Do you have a step by step thread for other DIYer?


----------



## Boatflounder (Mar 12, 2007)

RAMROD1 said:


> Do you have a step by step thread for other DIYer?


 what he said?!


----------



## WilliamH (May 21, 2004)

RAMROD1 said:


> Do you have a step by step thread for other DIYer?


X3 but I am more interested in the prep work.


----------



## Reynolds4 (Jan 18, 2010)

WilliamH said:


> X3 but I am more interested in the prep work.


Exactly...my wife wants the stained concrete in our house but I'm hesitant due to the fact of not knowing how the floors will look once we remove the tile and grout. I'm sure there are some cracks due to the constant ground shifting we have in the wonderful gumbo.
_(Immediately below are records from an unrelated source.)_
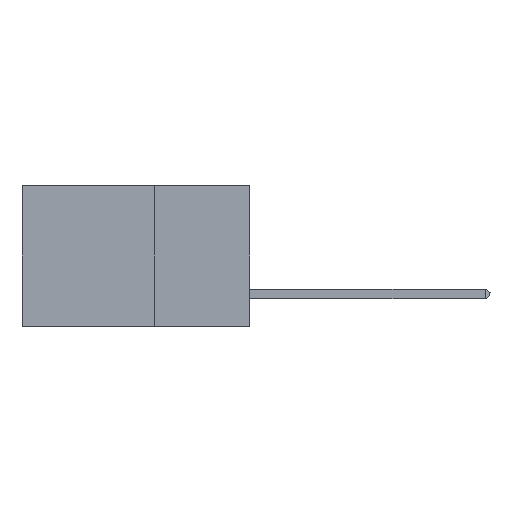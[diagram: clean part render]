
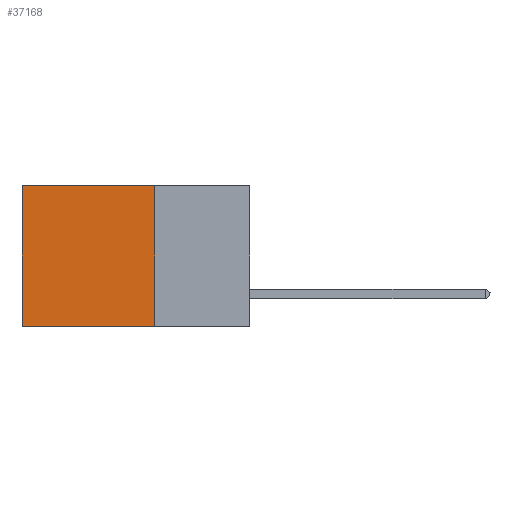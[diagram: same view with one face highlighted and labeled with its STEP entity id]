
A CAD part, left-side view. The second image highlights one B-rep face of the part: STEP entity #37168.
In plain terms, the highlighted planar face has unit normal (-1, 0, 0).
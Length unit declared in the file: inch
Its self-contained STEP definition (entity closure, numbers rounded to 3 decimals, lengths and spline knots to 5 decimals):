
#1353 = VERTEX_POINT ( 'NONE', #47257 ) ;
#1903 = PLANE ( 'NONE',  #30040 ) ;
#5164 = CARTESIAN_POINT ( 'NONE',  ( 0.2875, 0.6, -0.37 ) ) ;
#6255 = VECTOR ( 'NONE', #39877, 39.37008 ) ;
#6771 = ORIENTED_EDGE ( 'NONE', *, *, #22518, .F. ) ;
#7483 = CARTESIAN_POINT ( 'NONE',  ( 0.2875, 0.25, -0.37 ) ) ;
#7837 = DIRECTION ( 'NONE',  ( 0., 0., -1. ) ) ;
#9551 = CARTESIAN_POINT ( 'NONE',  ( 0.2875, 0.25, 0. ) ) ;
#10330 = DIRECTION ( 'NONE',  ( 0., 1., 0. ) ) ;
#13107 = VECTOR ( 'NONE', #40001, 39.37008 ) ;
#13510 = VECTOR ( 'NONE', #7837, 39.37008 ) ;
#14383 = LINE ( 'NONE', #17145, #13107 ) ;
#17145 = CARTESIAN_POINT ( 'NONE',  ( 0.2875, 0.25, -0.37 ) ) ;
#20044 = EDGE_LOOP ( 'NONE', ( #46558, #29563, #6771, #40069 ) ) ;
#20635 = DIRECTION ( 'NONE',  ( 0., 0., -1. ) ) ;
#22518 = EDGE_CURVE ( 'NONE', #1353, #48859, #22838, .T. ) ;
#22838 = LINE ( 'NONE', #35868, #6255 ) ;
#23528 = LINE ( 'NONE', #26696, #13510 ) ;
#24778 = DIRECTION ( 'NONE',  ( 1., 0., 0. ) ) ;
#24917 = EDGE_CURVE ( 'NONE', #48859, #44188, #14383, .T. ) ;
#26696 = CARTESIAN_POINT ( 'NONE',  ( 0.2875, 0.6, 0. ) ) ;
#27037 = EDGE_CURVE ( 'NONE', #47883, #44188, #23528, .T. ) ;
#27384 = VECTOR ( 'NONE', #10330, 39.37008 ) ;
#28619 = CARTESIAN_POINT ( 'NONE',  ( 0.2875, 0.6, 0. ) ) ;
#29166 = CARTESIAN_POINT ( 'NONE',  ( 0.2875, 0.25, 0. ) ) ;
#29563 = ORIENTED_EDGE ( 'NONE', *, *, #24917, .F. ) ;
#30040 = AXIS2_PLACEMENT_3D ( 'NONE', #9551, #24778, #20635 ) ;
#30478 = FACE_OUTER_BOUND ( 'NONE', #20044, .T. ) ;
#33973 = LINE ( 'NONE', #29166, #27384 ) ;
#35868 = CARTESIAN_POINT ( 'NONE',  ( 0.2875, 0.25, 0. ) ) ;
#37168 = ADVANCED_FACE ( 'NONE', ( #30478 ), #1903, .F. ) ;
#37743 = EDGE_CURVE ( 'NONE', #1353, #47883, #33973, .T. ) ;
#39877 = DIRECTION ( 'NONE',  ( 0., 0., -1. ) ) ;
#40001 = DIRECTION ( 'NONE',  ( 0., 1., 0. ) ) ;
#40069 = ORIENTED_EDGE ( 'NONE', *, *, #37743, .T. ) ;
#44188 = VERTEX_POINT ( 'NONE', #5164 ) ;
#46558 = ORIENTED_EDGE ( 'NONE', *, *, #27037, .T. ) ;
#47257 = CARTESIAN_POINT ( 'NONE',  ( 0.2875, 0.25, 0. ) ) ;
#47883 = VERTEX_POINT ( 'NONE', #28619 ) ;
#48859 = VERTEX_POINT ( 'NONE', #7483 ) ;

By the way...LOOKS GREAT!!!!


----------



## kodman1 (Sep 16, 2005)

WilliamH & Reynolds4,

I just sent you two a PM.


----------



## Reynolds4 (Jan 18, 2010)

kodman1 said:


> WilliamH & Reynolds4,
> 
> I just sent you two a PM.


Got it...thanks


----------



## RodBender54 (Aug 27, 2010)

Fantastic job! Cheaper than tile I presume?


----------



## rowdyone (Aug 29, 2009)

RodBender54 said:


> Fantastic job! Cheaper than tile I presume?


Good question


----------



## kodman1 (Sep 16, 2005)

If its brand new concrete it is. If there is a lot of prep work or if you have to do an overlay because of unever surfaces from thinset or a lot of cracks, it can be about the same price or even a little more than tile (it also depends on the type of tile you are talking about).


----------



## WTAggie (Sep 22, 2012)

That looks great! Could you send me a PM of how you did it and what you used?


----------



## agonzales1981 (Jun 12, 2008)

Nice!


----------



## younggun55 (Jun 18, 2009)

Whats the price per sqft to do a driveway?


----------